**AIM OF THE EXERCISE:** Below are records. Copy every line with "units" in it.

**RECORDS TO USE:**

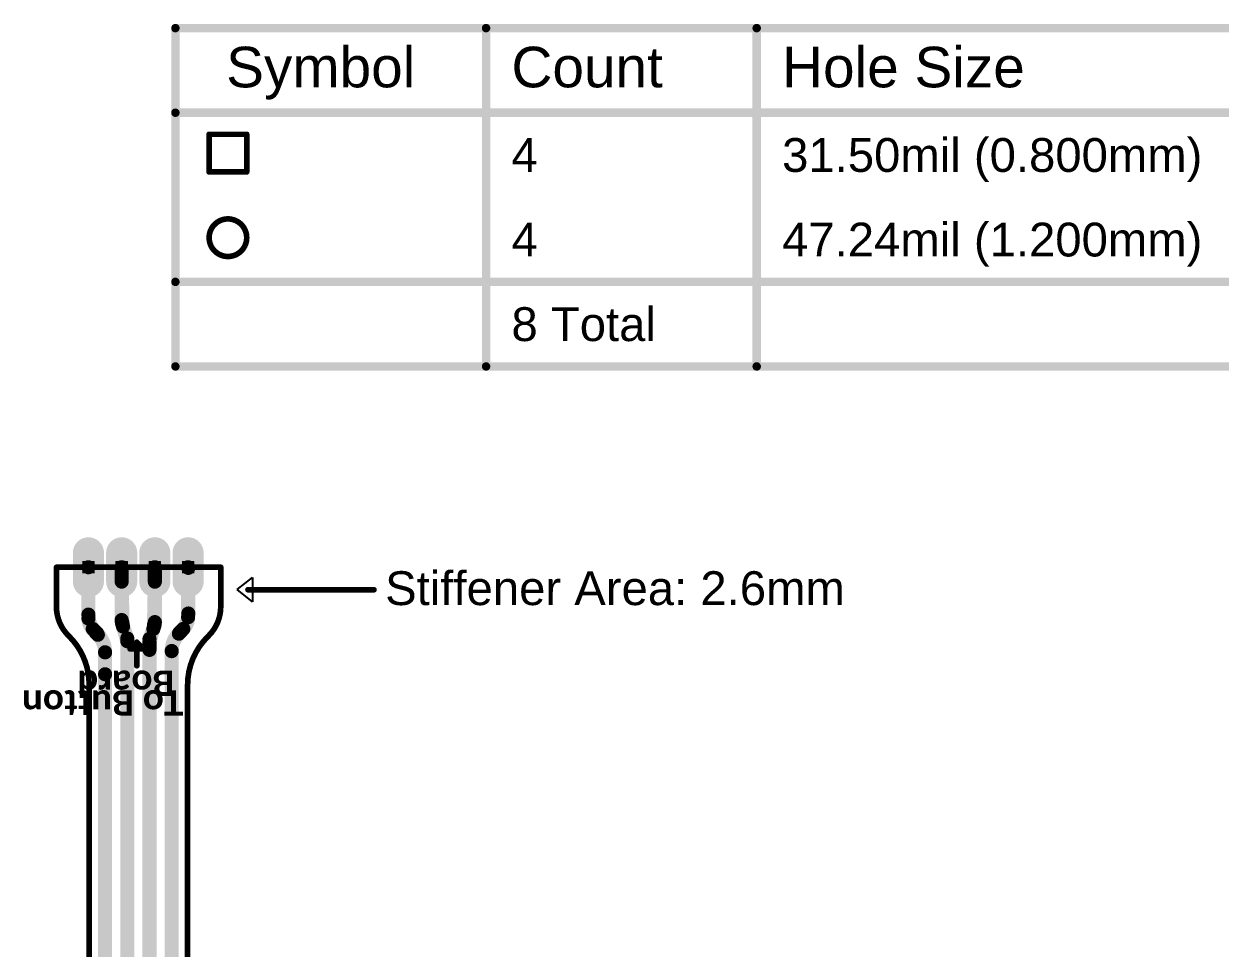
# Model space of a CAD drawing. Header units: inches. Extents: x -1 to 224, y -2 to 82.
# Drawn here: x -0.7 to 53.2, y 39.9 to 81.5 of the extents above; entities that cross this region are included whole.
import ezdxf

# ---------------------------------------------------------------- set-up
doc = ezdxf.new("R2010")
doc.units = ezdxf.units.IN
for name, color, linetype in [('Board Outline', 216, 'Continuous'), ('Bottom Layer', 5, 'Continuous'), ('Bottom Solder', 6, 'Continuous'), ('Drill Drawing', 1, 'Continuous'), ('Fabrication info', 76, 'Continuous'), ('Multi-Layer', 9, 'Continuous'), ('Pad Holes', 156, 'Continuous'), ('Top Layer', 1, 'Continuous'), ('Top Overlay', 2, 'Continuous'), ('Top Solder', 216, 'Continuous')]:
    doc.layers.add(name, color=color, linetype=linetype)
doc.styles.add('Arial', font='', dxfattribs={"height": 0.2})
doc.styles.add('Calibri_Bold', font='', dxfattribs={"height": 0.2})
doc.styles.get('Arial').set_extended_font_data('Arial')
doc.styles.get('Calibri_Bold').set_extended_font_data('Calibri', bold=True)

# ---------------------------------------------------------------- blocks, each defined once
blk = doc.blocks.new('0_5___T____P___1')
at = {"layer": 'Bottom Layer'}
h = blk.add_hatch(color=5, dxfattribs=at)
edge = h.paths.add_edge_path()
edge.add_arc((0, -0.65000124), 0.5999987999999999, 180, 360)
edge.add_line((0.5999987999999999, -0.65000124), (0.5999987999999999, 0.65000124))
edge.add_arc((0, 0.65000124), 0.5999987999999999, 0, 180)
edge.add_line((-0.5999987999999999, 0.6500012400000001), (-0.5999987999999999, -0.6500012399999999))
at = {"layer": 'Bottom Solder'}
h = blk.add_hatch(color=6, dxfattribs=at)
edge = h.paths.add_edge_path()
edge.add_arc((0, -0.65000124), 0.7015988, 180, 360)
edge.add_line((0.7015988, -0.65000124), (0.7015988, 0.65000124))
edge.add_arc((0, 0.65000124), 0.7015988, 0, 180)
edge.add_line((-0.7015988, 0.6500012400000001), (-0.7015988, -0.6500012399999999))
at = {"layer": 'Multi-Layer'}
h = blk.add_hatch(color=9, dxfattribs=at)
edge = h.paths.add_edge_path()
edge.add_arc((0, -0.65000124), 0.5999987999999999, 180, 360)
edge.add_line((0.5999987999999999, -0.65000124), (0.5999987999999999, 0.65000124))
edge.add_arc((0, 0.65000124), 0.5999987999999999, 0, 180)
edge.add_line((-0.5999987999999999, 0.6500012400000001), (-0.5999987999999999, -0.6500012399999999))
at = {"layer": 'Pad Holes'}
h = blk.add_hatch(color=7, dxfattribs=at)
edge = h.paths.add_edge_path()
edge.add_arc((0, 0), 0.3999992, 0, 360)
at = {"layer": 'Top Layer'}
h = blk.add_hatch(color=1, dxfattribs=at)
edge = h.paths.add_edge_path()
edge.add_arc((0, -0.65000124), 0.5999987999999999, 180, 360)
edge.add_line((0.5999987999999999, -0.65000124), (0.5999987999999999, 0.65000124))
edge.add_arc((0, 0.65000124), 0.5999987999999999, 0, 180)
edge.add_line((-0.5999987999999999, 0.6500012400000001), (-0.5999987999999999, -0.6500012399999999))
at = {"layer": 'Top Solder'}
h = blk.add_hatch(color=216, dxfattribs=at)
edge = h.paths.add_edge_path()
edge.add_arc((0, -0.65000124), 0.7015988, 180, 360)
edge.add_line((0.7015988, -0.65000124), (0.7015988, 0.65000124))
edge.add_arc((0, 0.65000124), 0.7015988, 0, 180)
edge.add_line((-0.7015988, 0.6500012400000001), (-0.7015988, -0.6500012399999999))
blk = doc.blocks.new('0_5___T____P___2')
at = {"layer": 'Bottom Layer'}
h = blk.add_hatch(color=5, dxfattribs=at)
edge = h.paths.add_edge_path()
edge.add_arc((0, -0.65000124), 0.5999987999999999, 180, 360)
edge.add_line((0.5999987999999999, -0.65000124), (0.5999987999999999, 0.65000124))
edge.add_arc((0, 0.65000124), 0.5999987999999999, 0, 180)
edge.add_line((-0.5999987999999999, 0.6500012400000001), (-0.5999987999999999, -0.6500012399999999))
at = {"layer": 'Bottom Solder'}
h = blk.add_hatch(color=6, dxfattribs=at)
edge = h.paths.add_edge_path()
edge.add_arc((0, -0.65000124), 0.7015988, 180, 360)
edge.add_line((0.7015988, -0.65000124), (0.7015988, 0.65000124))
edge.add_arc((0, 0.65000124), 0.7015988, 0, 180)
edge.add_line((-0.7015988, 0.6500012400000001), (-0.7015988, -0.6500012399999999))
at = {"layer": 'Multi-Layer'}
h = blk.add_hatch(color=9, dxfattribs=at)
edge = h.paths.add_edge_path()
edge.add_arc((0, -0.65000124), 0.5999987999999999, 180, 360)
edge.add_line((0.5999987999999999, -0.65000124), (0.5999987999999999, 0.65000124))
edge.add_arc((0, 0.65000124), 0.5999987999999999, 0, 180)
edge.add_line((-0.5999987999999999, 0.6500012400000001), (-0.5999987999999999, -0.6500012399999999))
at = {"layer": 'Pad Holes'}
h = blk.add_hatch(color=7, dxfattribs=at)
edge = h.paths.add_edge_path()
edge.add_arc((0, 0), 0.3999992, 0, 360)
at = {"layer": 'Top Layer'}
h = blk.add_hatch(color=1, dxfattribs=at)
edge = h.paths.add_edge_path()
edge.add_arc((0, -0.65000124), 0.5999987999999999, 180, 360)
edge.add_line((0.5999987999999999, -0.65000124), (0.5999987999999999, 0.65000124))
edge.add_arc((0, 0.65000124), 0.5999987999999999, 0, 180)
edge.add_line((-0.5999987999999999, 0.6500012400000001), (-0.5999987999999999, -0.6500012399999999))
at = {"layer": 'Top Solder'}
h = blk.add_hatch(color=216, dxfattribs=at)
edge = h.paths.add_edge_path()
edge.add_arc((0, -0.65000124), 0.7015988, 180, 360)
edge.add_line((0.7015988, -0.65000124), (0.7015988, 0.65000124))
edge.add_arc((0, 0.65000124), 0.7015988, 0, 180)
edge.add_line((-0.7015988, 0.6500012400000001), (-0.7015988, -0.6500012399999999))
blk = doc.blocks.new('0_5___T____P___3')
at = {"layer": 'Bottom Layer'}
h = blk.add_hatch(color=5, dxfattribs=at)
edge = h.paths.add_edge_path()
edge.add_arc((0, -0.65000124), 0.5999987999999999, 180, 360)
edge.add_line((0.5999987999999999, -0.65000124), (0.5999987999999999, 0.65000124))
edge.add_arc((0, 0.65000124), 0.5999987999999999, 0, 180)
edge.add_line((-0.5999987999999999, 0.6500012400000001), (-0.5999987999999999, -0.6500012399999999))
at = {"layer": 'Bottom Solder'}
h = blk.add_hatch(color=6, dxfattribs=at)
edge = h.paths.add_edge_path()
edge.add_arc((0, -0.65000124), 0.7015988, 180, 360)
edge.add_line((0.7015988, -0.65000124), (0.7015988, 0.65000124))
edge.add_arc((0, 0.65000124), 0.7015988, 0, 180)
edge.add_line((-0.7015988, 0.6500012400000001), (-0.7015988, -0.6500012399999999))
at = {"layer": 'Multi-Layer'}
h = blk.add_hatch(color=9, dxfattribs=at)
edge = h.paths.add_edge_path()
edge.add_arc((0, -0.65000124), 0.5999987999999999, 180, 360)
edge.add_line((0.5999987999999999, -0.65000124), (0.5999987999999999, 0.65000124))
edge.add_arc((0, 0.65000124), 0.5999987999999999, 0, 180)
edge.add_line((-0.5999987999999999, 0.6500012400000001), (-0.5999987999999999, -0.6500012399999999))
at = {"layer": 'Pad Holes'}
h = blk.add_hatch(color=7, dxfattribs=at)
edge = h.paths.add_edge_path()
edge.add_arc((0, 0), 0.3999992, 0, 360)
at = {"layer": 'Top Layer'}
h = blk.add_hatch(color=1, dxfattribs=at)
edge = h.paths.add_edge_path()
edge.add_arc((0, -0.65000124), 0.5999987999999999, 180, 360)
edge.add_line((0.5999987999999999, -0.65000124), (0.5999987999999999, 0.65000124))
edge.add_arc((0, 0.65000124), 0.5999987999999999, 0, 180)
edge.add_line((-0.5999987999999999, 0.6500012400000001), (-0.5999987999999999, -0.6500012399999999))
at = {"layer": 'Top Solder'}
h = blk.add_hatch(color=216, dxfattribs=at)
edge = h.paths.add_edge_path()
edge.add_arc((0, -0.65000124), 0.7015988, 180, 360)
edge.add_line((0.7015988, -0.65000124), (0.7015988, 0.65000124))
edge.add_arc((0, 0.65000124), 0.7015988, 0, 180)
edge.add_line((-0.7015988, 0.6500012400000001), (-0.7015988, -0.6500012399999999))
blk = doc.blocks.new('0_5___T____P___4')
at = {"layer": 'Bottom Layer'}
h = blk.add_hatch(color=5, dxfattribs=at)
edge = h.paths.add_edge_path()
edge.add_arc((0, -0.65000124), 0.5999987999999999, 180, 360)
edge.add_line((0.5999987999999999, -0.65000124), (0.5999987999999999, 0.65000124))
edge.add_arc((0, 0.65000124), 0.5999987999999999, 0, 180)
edge.add_line((-0.5999987999999999, 0.6500012400000001), (-0.5999987999999999, -0.6500012399999999))
at = {"layer": 'Bottom Solder'}
h = blk.add_hatch(color=6, dxfattribs=at)
edge = h.paths.add_edge_path()
edge.add_arc((0, -0.65000124), 0.7015988, 180, 360)
edge.add_line((0.7015988, -0.65000124), (0.7015988, 0.65000124))
edge.add_arc((0, 0.65000124), 0.7015988, 0, 180)
edge.add_line((-0.7015988, 0.6500012400000001), (-0.7015988, -0.6500012399999999))
at = {"layer": 'Multi-Layer'}
h = blk.add_hatch(color=9, dxfattribs=at)
edge = h.paths.add_edge_path()
edge.add_arc((0, -0.65000124), 0.5999987999999999, 180, 360)
edge.add_line((0.5999987999999999, -0.65000124), (0.5999987999999999, 0.65000124))
edge.add_arc((0, 0.65000124), 0.5999987999999999, 0, 180)
edge.add_line((-0.5999987999999999, 0.6500012400000001), (-0.5999987999999999, -0.6500012399999999))
at = {"layer": 'Pad Holes'}
h = blk.add_hatch(color=7, dxfattribs=at)
edge = h.paths.add_edge_path()
edge.add_arc((0, 0), 0.3999992, 0, 360)
at = {"layer": 'Top Layer'}
h = blk.add_hatch(color=1, dxfattribs=at)
edge = h.paths.add_edge_path()
edge.add_arc((0, -0.65000124), 0.5999987999999999, 180, 360)
edge.add_line((0.5999987999999999, -0.65000124), (0.5999987999999999, 0.65000124))
edge.add_arc((0, 0.65000124), 0.5999987999999999, 0, 180)
edge.add_line((-0.5999987999999999, 0.6500012400000001), (-0.5999987999999999, -0.6500012399999999))
at = {"layer": 'Top Solder'}
h = blk.add_hatch(color=216, dxfattribs=at)
edge = h.paths.add_edge_path()
edge.add_arc((0, -0.65000124), 0.7015988, 180, 360)
edge.add_line((0.7015988, -0.65000124), (0.7015988, 0.65000124))
edge.add_arc((0, 0.65000124), 0.7015988, 0, 180)
edge.add_line((-0.7015988, 0.6500012400000001), (-0.7015988, -0.6500012399999999))

msp = doc.modelspace()

# ---------------------------------------------------------------- linework, layer by layer
at = {"layer": 'Board Outline'}
for points in [[(0.81378298, 55.2671742, 0.254, 0.254, 0), (0.81378298, 57.0451742, 0.254, 0.254, 0)], [(0.81378298, 57.0451742, 0.254, 0.254, 0), (8.21378596, 57.0451742, 0.254, 0.254, 0)], [(8.21378596, 55.2671742, 0.254, 0.254, 0), (8.21378596, 57.0451742, 0.254, 0.254, 0)], [(1.35259826, 53.96635891999999, 0.254, 0.254, -0.198912367379658), (0.81378298, 55.2671742, 0.254, 0.254, 0)], [(8.21378596, 55.2671742, 0.254, 0.254, -0.198912367379658), (7.674970679999999, 53.96635891999999, 0.254, 0.254, 0)], [(1.35259826, 53.96635891999999, 0.254, 0.254, 0), (1.38908028, 53.9298769, 0.254, 0.254, 0)], [(1.38908028, 53.9298769, 0.254, 0.254, -0.198912367379658), (2.2871049, 51.76185228, 0.254, 0.254, 0)], [(6.72162994, 51.74301817999999, 0.254, 0.254, -0.198912367379658), (7.619654559999999, 53.9110428, 0.254, 0.254, 0)], [(7.619654559999999, 53.9110428, 0.254, 0.254, 0), (7.674970679999999, 53.96635891999999, 0.254, 0.254, 0)], [(2.2871049, 50.87510779999999, 0.254, 0.254, 0), (2.2871049, 51.76185228, 0.254, 0.254, 0)], [(6.72162994, 51.01195792, 0.254, 0.254, 0), (6.72162994, 51.74301817999999, 0.254, 0.254, 0)], [(2.27333048, 6.1700664, 0.254, 0.254, 0), (2.2871049, 50.87510779999999, 0.254, 0.254, 0)], [(6.721619779999999, 51.0119503, 0.254, 0.254, -1.496605762665489), (6.72164264, 51.01189441999999, 0.254, 0.254, 0)], [(6.72162232, 6.1700664, 0.254, 0.254, 0), (6.72162994, 51.01192743999999, 0.254, 0.254, 0)]]:
    msp.add_lwpolyline(points, format="xyseb", dxfattribs=at)
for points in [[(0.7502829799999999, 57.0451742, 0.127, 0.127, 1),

**RESULT OF THE EXERCISE:**
# Model space of a CAD drawing. Header units: inches. Extents: x -1 to 224, y -2 to 82.
doc.units = ezdxf.units.IN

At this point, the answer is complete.